__What to do__
Restate word for word the entries below, starting with the line with "#8=PRODUCT_DEFINITION('design','',#6,#7);" and continuing through the line with "#12=(NAMED_UNIT(*) SI_UNIT($,.STERADIAN.) SOLID_ANGLE_UNIT());". Include both of those lines and no others.

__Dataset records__
───
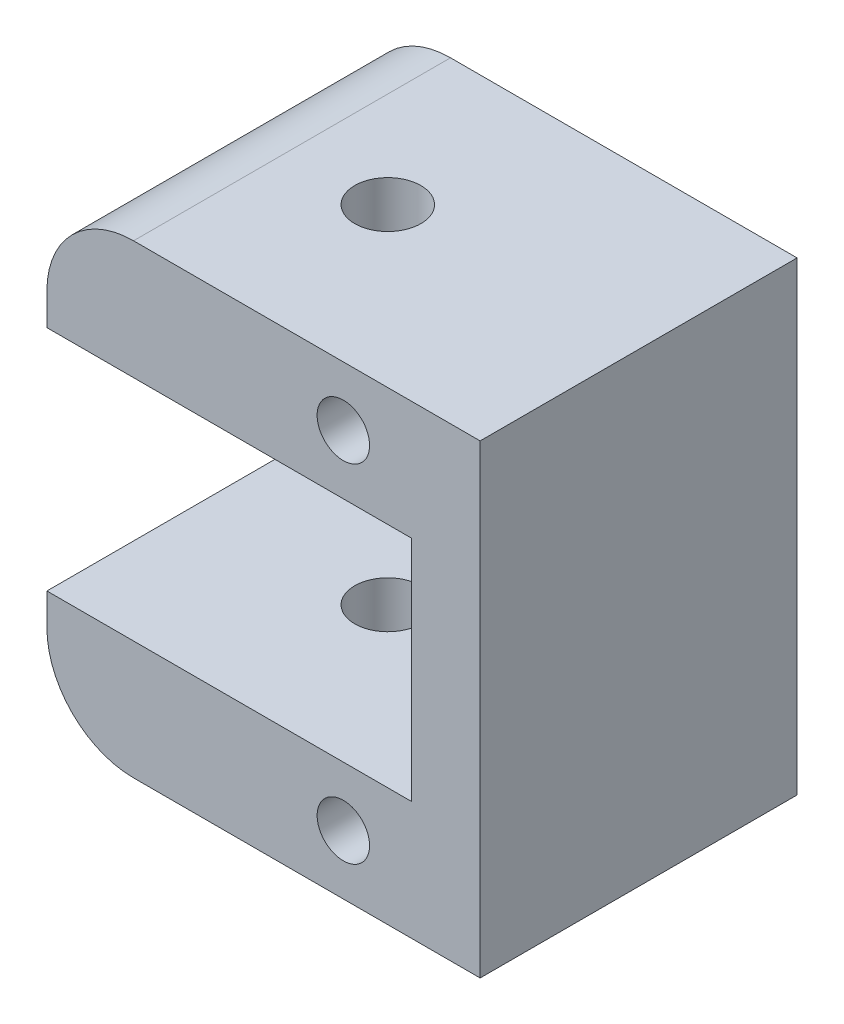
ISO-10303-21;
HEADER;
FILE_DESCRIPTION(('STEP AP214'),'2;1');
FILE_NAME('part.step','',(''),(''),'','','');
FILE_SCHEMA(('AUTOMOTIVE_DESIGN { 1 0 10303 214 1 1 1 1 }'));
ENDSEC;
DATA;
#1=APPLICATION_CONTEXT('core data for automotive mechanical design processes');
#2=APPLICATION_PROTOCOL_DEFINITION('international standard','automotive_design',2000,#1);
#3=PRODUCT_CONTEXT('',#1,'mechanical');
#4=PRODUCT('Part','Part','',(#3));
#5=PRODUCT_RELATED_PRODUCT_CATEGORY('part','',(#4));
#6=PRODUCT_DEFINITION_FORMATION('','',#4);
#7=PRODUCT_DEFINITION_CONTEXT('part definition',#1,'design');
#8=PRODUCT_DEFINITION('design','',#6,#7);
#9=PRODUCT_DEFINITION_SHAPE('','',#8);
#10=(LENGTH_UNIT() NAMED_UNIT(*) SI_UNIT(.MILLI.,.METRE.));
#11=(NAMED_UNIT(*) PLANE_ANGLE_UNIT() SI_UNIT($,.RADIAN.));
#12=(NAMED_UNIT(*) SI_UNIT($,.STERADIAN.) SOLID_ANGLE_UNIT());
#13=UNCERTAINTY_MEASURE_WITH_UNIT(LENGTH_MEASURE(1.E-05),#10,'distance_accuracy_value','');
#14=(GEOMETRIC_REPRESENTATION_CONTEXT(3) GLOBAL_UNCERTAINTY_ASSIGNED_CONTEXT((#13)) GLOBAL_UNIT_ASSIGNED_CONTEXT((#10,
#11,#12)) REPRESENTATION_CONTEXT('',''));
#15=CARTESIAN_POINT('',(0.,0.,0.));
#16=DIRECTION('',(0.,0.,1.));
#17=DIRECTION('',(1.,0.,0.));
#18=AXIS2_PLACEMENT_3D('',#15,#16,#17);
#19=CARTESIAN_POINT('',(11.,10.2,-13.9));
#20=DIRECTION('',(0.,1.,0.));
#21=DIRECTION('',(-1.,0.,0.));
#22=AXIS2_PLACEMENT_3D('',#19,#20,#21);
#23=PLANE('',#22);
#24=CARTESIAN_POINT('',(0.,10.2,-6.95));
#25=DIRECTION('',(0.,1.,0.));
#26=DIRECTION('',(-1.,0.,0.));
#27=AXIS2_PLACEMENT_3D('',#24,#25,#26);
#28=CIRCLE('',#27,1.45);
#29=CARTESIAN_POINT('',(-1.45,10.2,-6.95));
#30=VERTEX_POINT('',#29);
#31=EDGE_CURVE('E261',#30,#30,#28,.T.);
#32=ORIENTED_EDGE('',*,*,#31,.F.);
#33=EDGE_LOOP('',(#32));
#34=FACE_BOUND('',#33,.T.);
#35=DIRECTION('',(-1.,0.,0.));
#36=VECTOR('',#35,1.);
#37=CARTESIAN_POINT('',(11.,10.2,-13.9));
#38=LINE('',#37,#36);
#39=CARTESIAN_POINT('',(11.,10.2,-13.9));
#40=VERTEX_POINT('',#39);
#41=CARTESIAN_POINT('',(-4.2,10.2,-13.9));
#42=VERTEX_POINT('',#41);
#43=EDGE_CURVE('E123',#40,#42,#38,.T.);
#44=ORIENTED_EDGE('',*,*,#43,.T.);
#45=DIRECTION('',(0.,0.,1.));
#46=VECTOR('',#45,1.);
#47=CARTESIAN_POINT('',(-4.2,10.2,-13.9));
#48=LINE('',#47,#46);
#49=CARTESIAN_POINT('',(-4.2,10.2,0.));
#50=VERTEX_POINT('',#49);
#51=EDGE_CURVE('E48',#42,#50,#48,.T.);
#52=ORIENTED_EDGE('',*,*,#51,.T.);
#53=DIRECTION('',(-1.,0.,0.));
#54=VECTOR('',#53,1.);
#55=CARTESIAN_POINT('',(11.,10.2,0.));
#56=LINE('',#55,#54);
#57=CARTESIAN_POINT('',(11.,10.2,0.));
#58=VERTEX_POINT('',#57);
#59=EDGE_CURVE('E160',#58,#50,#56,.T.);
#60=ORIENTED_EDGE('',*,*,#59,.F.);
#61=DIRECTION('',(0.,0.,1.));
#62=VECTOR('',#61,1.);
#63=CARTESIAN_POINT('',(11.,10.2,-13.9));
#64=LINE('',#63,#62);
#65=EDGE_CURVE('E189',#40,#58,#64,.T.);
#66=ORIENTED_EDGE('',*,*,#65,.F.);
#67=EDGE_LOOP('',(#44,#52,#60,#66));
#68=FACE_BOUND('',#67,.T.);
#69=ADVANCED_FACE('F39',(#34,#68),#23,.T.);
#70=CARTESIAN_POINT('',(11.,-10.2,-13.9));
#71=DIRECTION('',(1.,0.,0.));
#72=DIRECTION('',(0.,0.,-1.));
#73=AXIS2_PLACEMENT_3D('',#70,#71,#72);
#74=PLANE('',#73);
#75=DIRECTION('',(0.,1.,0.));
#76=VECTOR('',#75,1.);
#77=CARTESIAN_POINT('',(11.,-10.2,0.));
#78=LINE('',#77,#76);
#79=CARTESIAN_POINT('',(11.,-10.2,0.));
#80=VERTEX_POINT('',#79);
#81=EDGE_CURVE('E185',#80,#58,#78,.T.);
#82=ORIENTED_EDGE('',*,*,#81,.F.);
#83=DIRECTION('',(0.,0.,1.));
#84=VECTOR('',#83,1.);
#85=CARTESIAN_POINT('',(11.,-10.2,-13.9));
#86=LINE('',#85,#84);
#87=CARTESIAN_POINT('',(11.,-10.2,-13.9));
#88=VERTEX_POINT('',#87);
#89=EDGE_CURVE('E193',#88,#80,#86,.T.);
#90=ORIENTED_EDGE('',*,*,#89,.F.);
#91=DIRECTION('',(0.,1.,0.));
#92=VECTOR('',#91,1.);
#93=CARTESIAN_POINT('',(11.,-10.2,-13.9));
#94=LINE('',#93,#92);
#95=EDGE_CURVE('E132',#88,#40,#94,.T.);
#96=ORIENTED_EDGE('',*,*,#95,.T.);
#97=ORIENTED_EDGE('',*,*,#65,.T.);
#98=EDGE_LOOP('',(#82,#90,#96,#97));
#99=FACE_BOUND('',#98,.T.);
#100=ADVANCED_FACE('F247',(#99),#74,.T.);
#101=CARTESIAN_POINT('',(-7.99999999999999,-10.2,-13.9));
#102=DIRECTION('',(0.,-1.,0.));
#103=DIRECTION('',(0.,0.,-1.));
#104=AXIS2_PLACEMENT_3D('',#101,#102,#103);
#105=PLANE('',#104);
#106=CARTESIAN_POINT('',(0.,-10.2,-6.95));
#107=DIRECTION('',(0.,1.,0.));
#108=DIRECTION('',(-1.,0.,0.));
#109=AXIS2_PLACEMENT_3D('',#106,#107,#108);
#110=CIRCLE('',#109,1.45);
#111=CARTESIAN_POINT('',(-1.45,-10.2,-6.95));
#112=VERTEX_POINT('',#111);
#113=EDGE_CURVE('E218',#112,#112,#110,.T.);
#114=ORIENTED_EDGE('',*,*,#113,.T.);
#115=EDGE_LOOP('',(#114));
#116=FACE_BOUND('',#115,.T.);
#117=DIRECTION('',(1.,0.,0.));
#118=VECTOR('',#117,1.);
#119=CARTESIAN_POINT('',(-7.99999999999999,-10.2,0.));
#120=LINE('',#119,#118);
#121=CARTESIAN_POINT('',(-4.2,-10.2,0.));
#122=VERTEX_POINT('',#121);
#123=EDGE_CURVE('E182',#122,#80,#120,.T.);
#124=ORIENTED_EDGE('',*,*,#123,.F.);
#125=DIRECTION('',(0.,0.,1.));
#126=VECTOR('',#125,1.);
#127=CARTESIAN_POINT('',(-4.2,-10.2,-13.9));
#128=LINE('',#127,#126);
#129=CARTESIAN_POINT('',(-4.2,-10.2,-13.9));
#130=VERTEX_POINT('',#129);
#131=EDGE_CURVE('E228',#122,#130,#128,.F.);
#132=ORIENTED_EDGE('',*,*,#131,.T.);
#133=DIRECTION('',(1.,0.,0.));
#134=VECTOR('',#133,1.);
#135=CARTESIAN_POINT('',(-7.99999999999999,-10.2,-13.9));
───
__Output__
#8=PRODUCT_DEFINITION('design','',#6,#7);
#9=PRODUCT_DEFINITION_SHAPE('','',#8);
#10=(LENGTH_UNIT() NAMED_UNIT(*) SI_UNIT(.MILLI.,.METRE.));
#11=(NAMED_UNIT(*) PLANE_ANGLE_UNIT() SI_UNIT($,.RADIAN.));
#12=(NAMED_UNIT(*) SI_UNIT($,.STERADIAN.) SOLID_ANGLE_UNIT());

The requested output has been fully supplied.